The issue of scene parsing is improving the recognition rate of the object classes. Some of the previous methods [4, 12, 21] had low recognition rate for small objects which occupied only a few pixels. To increase the accuracy rate of thing samples, Tighe and Lazebnik [22] proposed using per-exemplar detector which is training a linear SVM classifier for every exemplar in the training set. In addition, Yang et al. [23] expanded the retrieval set using rare class exemplars to achieve more balanced superpixel classification results and combined both global and local semantic context information to boost the performance of their system. Our approach is inspired by the work of [22], so we use exemplar-SVMs [15] which are identical to Tighe and Lazebnik [22] for improving the accuracy rate of rare classes.

In this work, we present a scene parsing approach which combines the multi-context deep convolutional features with exemplar-SVMs. This method can improve the overall accuracy and recognize the rare classes better. Our system has the following steps. We first retrieves the most similar images to query images, as shown in Fig. 1, in an annotated dataset using the global features which are obtained from the convolutional neural network of the GoogLeNet [20]. Then, we segment the images into superpixels and compute the likelihood scores of superpixels of the query images using local features, which incorporate the exemplar Support Vector Machine for classification. Finally, our system integrates multiple cues into a Markov Random Field framework to infer the parsing result.
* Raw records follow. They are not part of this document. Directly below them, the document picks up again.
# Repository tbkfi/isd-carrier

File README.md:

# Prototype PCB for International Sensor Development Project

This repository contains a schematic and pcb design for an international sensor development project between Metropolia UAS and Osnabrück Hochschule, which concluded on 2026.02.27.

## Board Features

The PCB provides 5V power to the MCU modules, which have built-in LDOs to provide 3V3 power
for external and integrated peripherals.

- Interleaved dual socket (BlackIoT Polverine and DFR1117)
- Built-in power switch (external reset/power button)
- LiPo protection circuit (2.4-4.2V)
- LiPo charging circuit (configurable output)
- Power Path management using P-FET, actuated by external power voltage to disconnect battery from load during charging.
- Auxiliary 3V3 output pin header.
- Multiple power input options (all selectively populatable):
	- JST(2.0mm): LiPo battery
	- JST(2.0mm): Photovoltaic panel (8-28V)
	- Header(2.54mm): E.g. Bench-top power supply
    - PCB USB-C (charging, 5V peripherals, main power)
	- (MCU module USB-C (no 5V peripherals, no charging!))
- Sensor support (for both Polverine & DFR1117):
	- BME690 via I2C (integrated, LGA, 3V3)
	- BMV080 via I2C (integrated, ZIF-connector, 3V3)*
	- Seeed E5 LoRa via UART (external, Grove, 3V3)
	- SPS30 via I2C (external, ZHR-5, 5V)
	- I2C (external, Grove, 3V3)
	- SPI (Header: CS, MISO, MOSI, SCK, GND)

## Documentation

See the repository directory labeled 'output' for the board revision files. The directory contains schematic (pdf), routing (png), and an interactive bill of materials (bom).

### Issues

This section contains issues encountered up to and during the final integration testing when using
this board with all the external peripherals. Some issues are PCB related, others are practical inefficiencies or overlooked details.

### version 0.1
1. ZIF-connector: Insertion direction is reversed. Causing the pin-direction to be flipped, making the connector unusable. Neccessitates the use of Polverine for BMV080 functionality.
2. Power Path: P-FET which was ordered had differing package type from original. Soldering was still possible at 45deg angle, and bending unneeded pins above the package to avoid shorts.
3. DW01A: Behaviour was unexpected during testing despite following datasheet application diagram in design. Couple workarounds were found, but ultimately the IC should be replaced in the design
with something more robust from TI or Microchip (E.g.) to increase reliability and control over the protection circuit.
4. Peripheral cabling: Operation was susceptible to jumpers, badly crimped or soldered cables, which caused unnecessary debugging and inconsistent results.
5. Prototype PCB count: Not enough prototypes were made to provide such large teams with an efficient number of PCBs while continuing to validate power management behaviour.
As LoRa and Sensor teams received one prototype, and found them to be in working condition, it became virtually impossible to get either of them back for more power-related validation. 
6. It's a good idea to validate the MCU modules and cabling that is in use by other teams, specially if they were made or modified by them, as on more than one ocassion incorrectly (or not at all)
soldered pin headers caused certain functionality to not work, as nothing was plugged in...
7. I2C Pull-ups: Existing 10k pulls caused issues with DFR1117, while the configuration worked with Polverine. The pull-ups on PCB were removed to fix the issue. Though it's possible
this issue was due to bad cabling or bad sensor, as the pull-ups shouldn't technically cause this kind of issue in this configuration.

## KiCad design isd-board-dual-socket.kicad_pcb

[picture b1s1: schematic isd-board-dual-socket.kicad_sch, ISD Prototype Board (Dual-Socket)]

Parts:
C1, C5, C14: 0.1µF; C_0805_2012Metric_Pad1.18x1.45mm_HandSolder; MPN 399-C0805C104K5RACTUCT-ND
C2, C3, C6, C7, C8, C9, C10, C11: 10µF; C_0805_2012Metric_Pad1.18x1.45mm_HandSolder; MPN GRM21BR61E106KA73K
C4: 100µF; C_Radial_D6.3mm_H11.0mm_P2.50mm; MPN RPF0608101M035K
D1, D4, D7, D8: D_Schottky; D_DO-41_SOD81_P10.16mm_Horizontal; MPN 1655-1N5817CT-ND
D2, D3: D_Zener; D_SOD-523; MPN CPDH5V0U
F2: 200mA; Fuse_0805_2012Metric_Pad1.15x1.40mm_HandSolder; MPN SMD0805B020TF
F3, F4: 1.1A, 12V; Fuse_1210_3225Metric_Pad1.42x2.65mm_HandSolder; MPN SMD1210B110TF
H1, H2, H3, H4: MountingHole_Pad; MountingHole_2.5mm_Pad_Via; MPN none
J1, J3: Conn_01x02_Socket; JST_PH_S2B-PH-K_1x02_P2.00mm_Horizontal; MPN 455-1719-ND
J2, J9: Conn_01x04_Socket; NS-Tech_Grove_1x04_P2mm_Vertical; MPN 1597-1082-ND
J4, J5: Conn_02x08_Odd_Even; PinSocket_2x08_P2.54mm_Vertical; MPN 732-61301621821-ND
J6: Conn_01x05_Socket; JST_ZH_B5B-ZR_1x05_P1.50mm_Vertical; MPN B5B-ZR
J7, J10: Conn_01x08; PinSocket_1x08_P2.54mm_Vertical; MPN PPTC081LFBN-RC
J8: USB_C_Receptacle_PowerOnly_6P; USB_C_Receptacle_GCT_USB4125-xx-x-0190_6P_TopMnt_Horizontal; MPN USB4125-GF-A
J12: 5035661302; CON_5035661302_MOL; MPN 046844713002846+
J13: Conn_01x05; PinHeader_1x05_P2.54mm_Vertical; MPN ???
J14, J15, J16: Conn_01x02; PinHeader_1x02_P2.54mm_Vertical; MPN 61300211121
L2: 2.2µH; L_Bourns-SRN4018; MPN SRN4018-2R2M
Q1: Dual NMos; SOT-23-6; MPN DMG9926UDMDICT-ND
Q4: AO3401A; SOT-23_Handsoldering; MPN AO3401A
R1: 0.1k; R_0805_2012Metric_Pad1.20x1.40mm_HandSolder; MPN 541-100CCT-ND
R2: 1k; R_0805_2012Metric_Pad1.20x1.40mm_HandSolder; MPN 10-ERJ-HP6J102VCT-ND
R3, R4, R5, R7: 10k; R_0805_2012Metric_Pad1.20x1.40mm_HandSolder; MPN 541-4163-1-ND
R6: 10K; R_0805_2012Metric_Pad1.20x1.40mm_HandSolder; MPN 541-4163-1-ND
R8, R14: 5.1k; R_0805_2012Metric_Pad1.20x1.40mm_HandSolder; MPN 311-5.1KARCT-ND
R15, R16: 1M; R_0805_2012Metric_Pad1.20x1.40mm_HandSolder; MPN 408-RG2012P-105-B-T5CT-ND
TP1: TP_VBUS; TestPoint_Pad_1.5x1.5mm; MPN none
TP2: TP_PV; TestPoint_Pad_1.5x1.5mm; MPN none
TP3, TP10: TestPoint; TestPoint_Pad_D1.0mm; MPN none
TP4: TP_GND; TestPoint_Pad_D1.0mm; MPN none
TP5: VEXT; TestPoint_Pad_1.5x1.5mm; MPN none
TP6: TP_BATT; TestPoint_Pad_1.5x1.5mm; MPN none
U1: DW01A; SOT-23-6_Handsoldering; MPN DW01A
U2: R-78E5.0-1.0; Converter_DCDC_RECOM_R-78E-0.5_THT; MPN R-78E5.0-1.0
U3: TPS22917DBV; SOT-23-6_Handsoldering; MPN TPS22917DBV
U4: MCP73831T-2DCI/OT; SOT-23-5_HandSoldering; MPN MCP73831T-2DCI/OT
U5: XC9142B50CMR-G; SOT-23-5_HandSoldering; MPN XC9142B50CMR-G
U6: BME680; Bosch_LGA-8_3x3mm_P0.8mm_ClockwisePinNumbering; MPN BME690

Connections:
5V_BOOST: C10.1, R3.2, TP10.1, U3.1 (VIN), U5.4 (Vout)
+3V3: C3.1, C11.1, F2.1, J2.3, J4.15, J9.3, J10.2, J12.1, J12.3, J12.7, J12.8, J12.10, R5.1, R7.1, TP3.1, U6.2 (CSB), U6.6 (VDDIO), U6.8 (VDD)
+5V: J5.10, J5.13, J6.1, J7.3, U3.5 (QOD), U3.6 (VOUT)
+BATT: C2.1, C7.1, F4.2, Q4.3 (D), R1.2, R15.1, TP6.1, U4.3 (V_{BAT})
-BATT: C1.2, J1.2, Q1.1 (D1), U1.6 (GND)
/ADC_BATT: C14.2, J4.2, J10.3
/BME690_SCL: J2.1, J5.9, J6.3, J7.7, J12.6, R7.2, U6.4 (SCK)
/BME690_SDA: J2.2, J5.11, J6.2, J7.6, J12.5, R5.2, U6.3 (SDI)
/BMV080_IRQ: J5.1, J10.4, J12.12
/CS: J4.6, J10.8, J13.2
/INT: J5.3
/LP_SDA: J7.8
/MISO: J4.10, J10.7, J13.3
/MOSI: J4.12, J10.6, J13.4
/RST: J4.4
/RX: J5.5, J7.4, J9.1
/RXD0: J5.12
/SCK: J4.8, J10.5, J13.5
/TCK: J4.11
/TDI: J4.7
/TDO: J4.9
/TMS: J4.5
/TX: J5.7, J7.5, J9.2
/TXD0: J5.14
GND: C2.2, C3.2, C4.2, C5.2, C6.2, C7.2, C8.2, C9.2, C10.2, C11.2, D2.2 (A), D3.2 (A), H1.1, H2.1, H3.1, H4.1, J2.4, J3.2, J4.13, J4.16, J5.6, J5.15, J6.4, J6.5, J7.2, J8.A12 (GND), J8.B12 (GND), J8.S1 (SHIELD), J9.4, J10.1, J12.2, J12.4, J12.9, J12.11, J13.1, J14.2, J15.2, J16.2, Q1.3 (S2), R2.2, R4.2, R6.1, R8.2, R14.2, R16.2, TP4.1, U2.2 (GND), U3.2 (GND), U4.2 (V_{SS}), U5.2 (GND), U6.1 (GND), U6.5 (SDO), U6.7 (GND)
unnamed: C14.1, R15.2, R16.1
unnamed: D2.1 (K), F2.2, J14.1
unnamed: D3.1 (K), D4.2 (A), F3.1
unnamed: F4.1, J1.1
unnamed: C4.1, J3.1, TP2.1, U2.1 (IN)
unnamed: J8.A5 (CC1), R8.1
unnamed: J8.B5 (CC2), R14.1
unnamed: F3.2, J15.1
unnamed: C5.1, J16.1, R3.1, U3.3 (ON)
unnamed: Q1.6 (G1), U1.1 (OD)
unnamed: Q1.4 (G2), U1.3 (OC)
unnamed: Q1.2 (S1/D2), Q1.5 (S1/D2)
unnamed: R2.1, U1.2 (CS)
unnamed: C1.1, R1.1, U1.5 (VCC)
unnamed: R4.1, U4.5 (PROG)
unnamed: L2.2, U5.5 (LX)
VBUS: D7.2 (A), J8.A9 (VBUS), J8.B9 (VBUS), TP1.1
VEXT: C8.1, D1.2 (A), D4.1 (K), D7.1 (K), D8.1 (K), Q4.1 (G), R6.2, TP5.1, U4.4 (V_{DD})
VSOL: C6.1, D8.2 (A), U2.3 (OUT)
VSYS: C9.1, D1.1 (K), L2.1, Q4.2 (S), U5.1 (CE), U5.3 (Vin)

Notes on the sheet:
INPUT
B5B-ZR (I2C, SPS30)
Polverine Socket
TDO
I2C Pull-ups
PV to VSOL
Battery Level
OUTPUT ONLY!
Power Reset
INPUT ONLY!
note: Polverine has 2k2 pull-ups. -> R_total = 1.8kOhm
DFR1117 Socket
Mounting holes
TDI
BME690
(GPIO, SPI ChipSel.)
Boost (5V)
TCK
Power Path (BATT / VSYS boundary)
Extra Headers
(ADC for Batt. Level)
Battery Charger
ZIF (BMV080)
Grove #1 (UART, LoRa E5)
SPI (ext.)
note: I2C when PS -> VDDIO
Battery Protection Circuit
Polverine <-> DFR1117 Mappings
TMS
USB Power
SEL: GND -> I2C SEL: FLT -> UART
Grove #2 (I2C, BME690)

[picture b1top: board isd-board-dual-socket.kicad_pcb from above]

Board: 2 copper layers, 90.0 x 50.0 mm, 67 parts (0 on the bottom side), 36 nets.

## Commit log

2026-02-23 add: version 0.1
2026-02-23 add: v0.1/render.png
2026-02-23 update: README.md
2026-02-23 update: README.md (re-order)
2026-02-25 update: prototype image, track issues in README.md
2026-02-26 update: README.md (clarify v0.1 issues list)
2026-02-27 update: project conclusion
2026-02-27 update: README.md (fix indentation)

The rest of this paper is organized as follows. In Sect. 2, we review some relevant works for scene parsing. Section 3 presents our approach which combines the multi-context deep convolutional features with exemplar-SVMs for scene parsing. Section 4 provides the experimental results and compares the performance with other approaches, followed by a conclusion in Sect. 5.

2 Related Work

Most recently, as the development of artificial intelligence, many researchers use the deep learning approach which is one of the machine learning algorithms to solve a lot of issues in computer vision field, including object recognition, object detection, simultaneous image segmentation and labeling. The studies have shown that convolution neural network has achieved good results in these works. In recent years, a lot of methods for scene parsing had been proposed. The goal of this work is to assign each pixel of the image a semantic label. Grangier et al. [8] presented a method that did not use any graphical model for scene parsing. The deep convolutional network was used for this paper to model the complex scene label structures, depending on a supervised greedy learning approach. Farabet et al. [5] learned the different levels features applying a multi-scale convolutional neural network handling on original pixels. Their system depended on those features representation to think about context for each decision. Another innovation point of this paper was that they employed the optimal cover to obtain the most consistent region from the tree, taking the place of graph cuts and other inference approaches. Pinheiro and Collobert [17] applied the recurrent convolutional neural networks to scene labeling. The advantage of this paper was that it was no need segmentation and task-specific features compared to other approaches. It was trained in an end-to-end way over raw pixels, and the inference cost was low. In order to improve the overall performance, Bu et al. [2] combined the convolutional neural network architecture with a graphical model. The neural network can learn the hybrid features which could provide the hierarchical information and the spatial relationship information.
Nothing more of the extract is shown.